The confusion arises from the usage of RSA which can be used for encryption (but then the content should be encrypted with the recipient's public key) or proof of authenticity aka signing (this is our case).
In that sense RSA is symmetric: something encrypted with the private key can only be decrypted by the public key and something encrypted with the public key can only be decrypted with the private key.
I think it would make more sense to check whether the Web GUI does the RSA check or not.
It is possible, but I doubt it. U-Boot has everything built-in to do the vaildation and requires only to some funtion to be called. If you do this in linux you would need to duplicate/replicate these functions and that doubles the risk of messing something up.
I suggest that we need an "unlocked" U-Boot with at least RSA-checking disabled.
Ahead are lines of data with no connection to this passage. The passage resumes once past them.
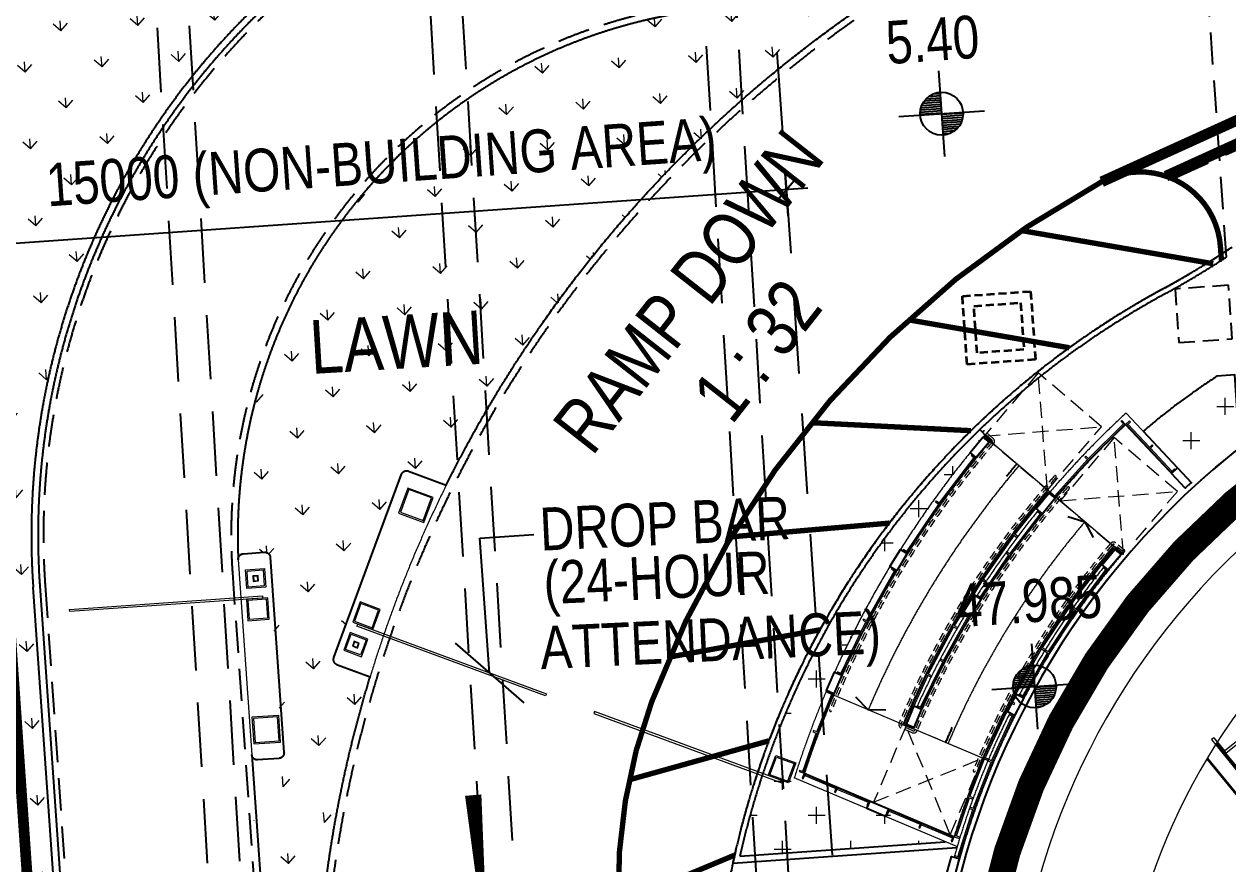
# Model space of a CAD drawing. Header units: millimetres. Extents: x 834681283 to 835686922, y 817551134 to 819407044.
# Drawn here: x 835207868 to 835230313, y 818159128 to 818174784 of the extents above; entities that cross this region are included whole.
import ezdxf
from ezdxf.enums import TextEntityAlignment as Align
from ezdxf.xclip import XClip

# ---------------------------------------------------------------- set-up
doc = ezdxf.new("R2010")
doc.units = ezdxf.units.MM
doc.header["$LTSCALE"] = 1200
doc.header["$MEASUREMENT"] = 0
doc.header["$XCLIPFRAME"] = 0
for name, pattern in [('P01-MAAN-P-EVA$0$HIDDEN', [0.375, 0.25, -0.125]), ('P01-MAAN-P-EVA$0$HIDDENX2', [0.75, 0.5, -0.25]), ('P01-MAGP-EVA-GREENERY$0$DASHED', [0.75, 0.5, -0.25]), ('P01-MAGP-EVA-GREENERY$0$DASHEDX2', [1.5, 1, -0.5]), ('P01-MAGP-EVA-GREENERY$0$DOT', [0.25, 0, -0.25]), ('P01-MAGP-EVA-GREENERY$0$HIDDEN', [0.375, 0.25, -0.125]), ('P01-MAGP-EVA-GREENERY$0$HIDDEN2', [0.1875, 0.125, -0.0625]), ('P01-MAGP-EVA-GREENERY$0$HIDDENX2', [0.75, 0.5, -0.25]), ('P01-MAGP-EVA-GREENERY$0$M_RM1106', [0.9, 0.6, -0.3]), ('P01-MAGP-P-RF$0$P01-MBDR-P-B1$0$FDA(cad v 2007)$0$HIDDENX2', [0.75, 0.5, -0.25]), ('P01-MAGP-P-RF$0$PHANTOM', [2.5, 1.25, -0.25, 0.25, -0.25, 0.25, -0.25]), ('SITE BOUNDARY$0$PHANTOM', [2.5, 1.25, -0.25, 0.25, -0.25, 0.25, -0.25])]:
    doc.linetypes.add(name, pattern=pattern)
doc.layers.get('Defpoints').update_dxf_attribs({"color": 15})
for name, color, linetype, lineweight in [('AR-PLANT_AR_BS_MI_', 9, 'Continuous', 25), ('P01-MAAN-P-EVA$0$AR-DIM_AR_', 4, 'Continuous', 25), ('P01-MAAN-P-EVA$0$AR-F-LEV_AR_BS_', 4, 'Continuous', 25), ('P01-MAAN-P-EVA$0$DW-TXT', 7, 'Continuous', 13), ('P01-MAGP-EVA-GREENERY$0$AR-CP_AR_BS_MI_', 8, 'Continuous', 5), ('P01-MAGP-EVA-GREENERY$0$AR-HATCH_AR_', 8, 'Continuous', 13), ('P01-MAGP-EVA-GREENERY$0$AR-STAIR_AR_BS_MI_', 7, 'Continuous', 18), ('P01-MAGP-EVA-GREENERY$0$AR-WA-STEEL_AR_BS_MI_', 3, 'Continuous', 0), ('P01-MAGP-EVA-GREENERY$0$DR-FLD', 8, 'Continuous', 25), ('P01-MAGP-EVA-GREENERY$0$DR-PIT', 8, 'P01-MAGP-EVA-GREENERY$0$HIDDEN2', 35), ('P01-MAGP-EVA-GREENERY$0$LI-FIT', 8, 'Continuous', 25), ('P01-MAGP-EVA-GREENERY$0$RLP340', 8, 'P01-MAGP-EVA-GREENERY$0$HIDDEN2', 5), ('P01-MAGP-P-RF$0$AR-PLANT_AR_BS_MI_', 4, 'Continuous', 25), ('P01-MAGP-P-RF$0$AR-ROOF_AR_BS_MI_', 3, 'Continuous', 18), ('P01-MAGP-P-RF$0$MMH053__', 253, 'P01-MAGP-P-RF$0$PHANTOM', 40), ('P01-MAGP-P-RF$0$P01_MS_01_N1-FloorPlan-PART2OFUPPERROOFSETTINGOUT$0$S-BEAM', 253, 'Continuous', 35), ('P01-MAGP-P-RF$0$ROOF MESH HALF TONE$0$A-GLAZ', 253, 'Continuous', 9), ('SITE BOUNDARY$0$AR-SIMS_BL_400', 1, 'SITE BOUNDARY$0$PHANTOM', 140)]:
    doc.layers.add(name, color=color, linetype=linetype, lineweight=lineweight)
for name, color, linetype in [('P01-MAAN-P-EVA$0$ADA08640', 2, 'Continuous'), ('P01-MAAN-P-EVA$0$AW-TXT-FS', 4, 'Continuous'), ('P01-MAAN-P-EVA$0$HATCH', 9, 'Continuous'), ('P01-MAAN-P-EVA$0$RLP0830A', 6, 'Continuous'), ('P01-MAGP-EVA-GREENERY$0$AR-FS-AR-EVA', 8, 'Continuous'), ('P01-MAGP-EVA-GREENERY$0$AR-LANDS_AR_MI_', 9, 'Continuous'), ('P01-MAGP-EVA-GREENERY$0$BOX-CULVERT', 8, 'P01-MAGP-EVA-GREENERY$0$DASHED'), ('P01-MAGP-EVA-GREENERY$0$Lighting Plint', 1, 'Continuous'), ('P01-MAGP-EVA-GREENERY$0$MVA_MARKING', 254, 'Continuous'), ('P01-MAGP-EVA-GREENERY$0$SURFACE CHANNEL', 8, 'Continuous')]:
    doc.layers.add(name, color=color, linetype=linetype)
doc.layers.get('P01-MAGP-EVA-GREENERY$0$BOX-CULVERT').off()
doc.styles.add('P01-MAAN-P-EVA$0$ARIAL', font='arial.ttf', dxfattribs={"width": 0.8})
doc.styles.add('P01-MAAN-P-EVA$0$RLP-SIMPLEX', font='simplex.shx', dxfattribs={"width": 0.8})
doc.styles.add('P01-MAAN-P-EVA$0$Style-Arial', font='arial.ttf')
doc.dimstyles.new('P01-MAAN-P-EVA$0$DIM-500', dxfattribs={"dimscale": 400, "dimtxt": 2, "dimasz": 1, "dimexe": 1, "dimexo": 1, "dimgap": 1, "dimtad": 1, "dimdec": 0, "dimrnd": 0.1, "dimdsep": 46, "dimtxsty": 'P01-MAAN-P-EVA$0$ARIAL', "dimblk1": 'P01-MAAN-P-EVA$0$_OBLIQUE', "dimblk2": 'P01-MAAN-P-EVA$0$_OBLIQUE', "dimsah": 1, "dimcen": 5, "dimdle": 1, "dimclrd": 8, "dimclre": 8, "dimclrt": 4, "dimadec": 3, "dimazin": 2, "dimtfac": 1, "dimtdec": 0, "dimtix": 1, "dimtmove": 2, "dimatfit": 0, "dimldrblk": 'P01-MAAN-P-EVA$0$_OBLIQUE', "dimfxl": 1, "dimtolj": 1, "dimarcsym": 0})
pattern_1 = [(360, (0, 2e-22), (635, 635), [317.5, -952.5]), (90, (158.75, -158.75), (-635, 635), [317.5, -952.5])]

# ---------------------------------------------------------------- blocks, each defined once
blk = doc.blocks.new('P01-MAGP-P-RF$0$ROOF MESH HALF TONE')
at = {"layer": 'P01-MAGP-P-RF$0$ROOF MESH HALF TONE$0$A-GLAZ', "lineweight": 5}
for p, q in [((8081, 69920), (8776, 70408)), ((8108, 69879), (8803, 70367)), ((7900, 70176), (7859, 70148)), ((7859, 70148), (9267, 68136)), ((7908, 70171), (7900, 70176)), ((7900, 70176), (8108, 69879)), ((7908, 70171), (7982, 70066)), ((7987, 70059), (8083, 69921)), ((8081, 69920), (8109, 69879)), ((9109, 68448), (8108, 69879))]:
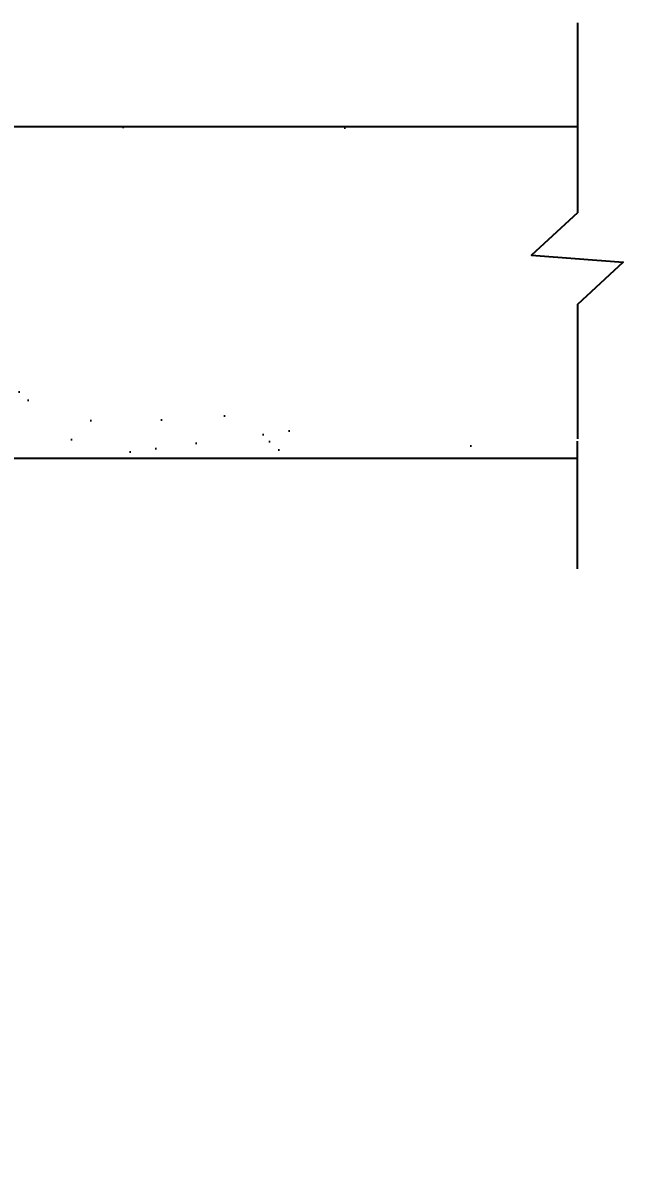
# Model space of a CAD drawing. Header units: millimetres. Extents: x 11802 to 19889, y -472 to 9054.
# Drawn here: x 14071 to 14379, y 5447 to 6032 of the extents above; entities that cross this region are included whole.
import ezdxf

# ---------------------------------------------------------------- set-up
doc = ezdxf.new("R2010")
doc.units = ezdxf.units.MM
doc.header["$LTSCALE"] = 307.34
doc.header["$PDMODE"] = 3
doc.header["$PDSIZE"] = 8
doc.layers.get('0').update_dxf_attribs({"linetype": 'CONTINUOUS'})
doc.layers.get('Defpoints').update_dxf_attribs({"linetype": 'CONTINUOUS'})
doc.styles.get("Standard").update_dxf_attribs({"font": 'calibri.ttf'})
doc.dimstyles.get("Standard").update_dxf_attribs({"dimtxt": 35, "dimasz": 35, "dimexe": 1.5, "dimexo": 1, "dimtad": 1, "dimdsep": 46, "dimtxsty": 'Standard', "dimblk": '_FILLED', "dimblk1": '_FILLED', "dimblk2": '_FILLED', "dimcen": 0.09, "dimazin": 2, "dimtol": 1, "dimtp": 0.01, "dimtm": 0.01, "dimtfac": 1, "dimtofl": 0, "dimtmove": 0, "dimatfit": 3, "dimldrblk": '_FILLED', "dimfxl": 1, "dimtolj": 1, "dimarcsym": 0})

# ---------------------------------------------------------------- blocks, each defined once
blk = doc.blocks.new('_FILLED')
at = {"color": 0, "linetype": 'ByBlock'}
blk.add_solid([(0, 0), (-1, 0.214), (-1, -0.214)], dxfattribs=at)
blk = doc.blocks.new('*D795')
at = {"color": 0, "linetype": 'ByBlock', "lineweight": -2}
for p, q in [((14139.22, 5808.75), (14008.88, 5808.75)), ((14010.38, 5758.75), (14010.38, 5535.46)), ((14010.38, 5264.31), (14010.38, 5487.54)), ((13821.26, 5214.31), (14011.88, 5214.31))]:
    blk.add_line(p, q, dxfattribs=at)
at = {"layer": 'Defpoints', "color": 0}
for p in [(14140.22, 5808.75), (13820.26, 5214.31), (14010.38, 5214.31)]:
    blk.add_point(p, dxfattribs=at)
at = {"color": 0, "linetype": 'ByBlock', "lineweight": -2, "xscale": 50, "yscale": 50, "zscale": 50}
for p, rotation in [((14010.38, 5808.75), 90), ((14010.38, 5214.31), 270)]:
    blk.add_blockref('_FILLED', p, dxfattribs=dict(at, rotation=rotation))
at = {"color": 0, "lineweight": 30, "insert": (14010.38, 5534.83), "char_height": 35, "attachment_point": 2, "line_spacing_factor": 0.9}
blk.add_mtext('\\A1;\\A1;594', dxfattribs=at)

msp = doc.modelspace()

# ---------------------------------------------------------------- hatches: boundary and pattern name
h = msp.add_hatch()
h.set_pattern_fill('AR-SAND', color=256)
h.set_pattern_definition([(37.5, (-22106.162, 4330.19), (-1.60003, 48.941324), [0, -38.608, 0, -43.18, 0, -41.275]), (7.5, (-22106.16, 4330.19), (44.95233, 71.68251), [0, -20.828, 0, -34.798, 0, -13.335]), (327.5, (-22137.404, 4330.19), (79.099237, 0.14372), [0, -12.7, 0, -45.72, 0, -59.69]), (317.5, (-22137.404, 4330.19), (76.35565, 22.29293), [0, -6.35, 0, -29.972, 0, -34.29])])
edge = h.paths.add_edge_path()
edge.add_line((14355.35303, 5978.75277), (12961.33201, 5978.75277))
edge.add_line((14355.35303, 5808.75277), (14355.35303, 5978.05951))
edge.add_line((12961.33201, 5978.75277), (12961.33201, 5808.75277))
edge.add_line((14355.35303, 5808.75277), (12961.33201, 5808.75277))

# ---------------------------------------------------------------- linework, layer by layer
for p, q in [((14355.35303, 6026.27802), (14355.35303, 5956.27802)), ((14355.35303, 6026.27802), (14355.35303, 5956.27802)), ((14355.35303, 5978.75277), (12287.83201, 5978.75277)), ((14355.35303, 5752.10993), (14355.35303, 5817.61867)), ((14355.35303, 5752.10993), (14355.35303, 5817.61867))]:
    msp.add_line(p, q)
at = {"linetype": 'ByBlock'}
msp.add_line((14355.35303, 6003.05951), (14355.35303, 5934.61867), dxfattribs=at)
at = {"color": 7, "linetype": 'Continuous'}
msp.add_line((14355.35303, 5808.75277), (12287.83201, 5808.75277), dxfattribs=at)
for points in [[(14355.35303, 6032.0136), (14355.35303, 6005.79662)], [(14355.35303, 6032.0136), (14355.35303, 6005.79662)], [(14355.35303, 5979.61136), (14355.35303, 5934.61867), (14331.86643, 5912.84216), (14378.83963, 5909.39518), (14355.35303, 5887.61867), (14355.35303, 5818.79662)], [(14355.35303, 5979.61136), (14355.35303, 5934.61867), (14331.86643, 5912.84216), (14378.83963, 5909.39518), (14355.35303, 5887.61867), (14355.35303, 5818.79662)]]:
    msp.add_lwpolyline(points)

# ---------------------------------------------------------------- dimensions: what is measured, and where the dimension line sits
at = {"linetype": 'ByBlock', "lineweight": 30}
dim = msp.add_linear_dim(base=(14010.38008, 5214.31301), p1=(14140.21521, 5808.75277), p2=(13820.25862, 5214.31301), angle=270, text='\\A1;594', dimstyle='Standard', override={"dimasz": 50, "dimtad": 0, "dimtih": 1, "dimtoh": 1, "dimdec": 4, "dimzin": 0, "dimtxsty": 'Standard', "dimcen": 53.46, "dimadec": 0, "dimazin": 0, "dimtdec": 4, "dimtzin": 0}, dxfattribs=at)
dim.commit()
dim.dimension.update_dxf_attribs({"geometry": '*D795', "text_midpoint": (14010.38008, 5511.50128), "dimtype": 160})

doc.saveas('drawing.dxf')

The U-Boot source is in the GPL pack, maybe it can be built from that and flashed from the "dev" firmware, but I definitely want to get an SPI flash reader/writer and dump the entire flash contents before I start messing around with U-Boot.
I stand corrected, thank you for this info.
I think someone could flash that leaked firmware and then try to flash an OpenWrt image in Web GUI and read logs in the telnet window to potentially see why the router was refusing to flash the OpenWrt image.
I think it would be possible to make a custom U-boot image with more recovery options, but that is outside of my scope of knowledge.
On second thought it might be possible to "debug" the running U-Boot code itself. If the images themselves are not encrypted, then their hash is known to us. If we could find the compare function in U-Boot and trace it, we could find the hash U-Boot expects and apply that to the DTS of our own image.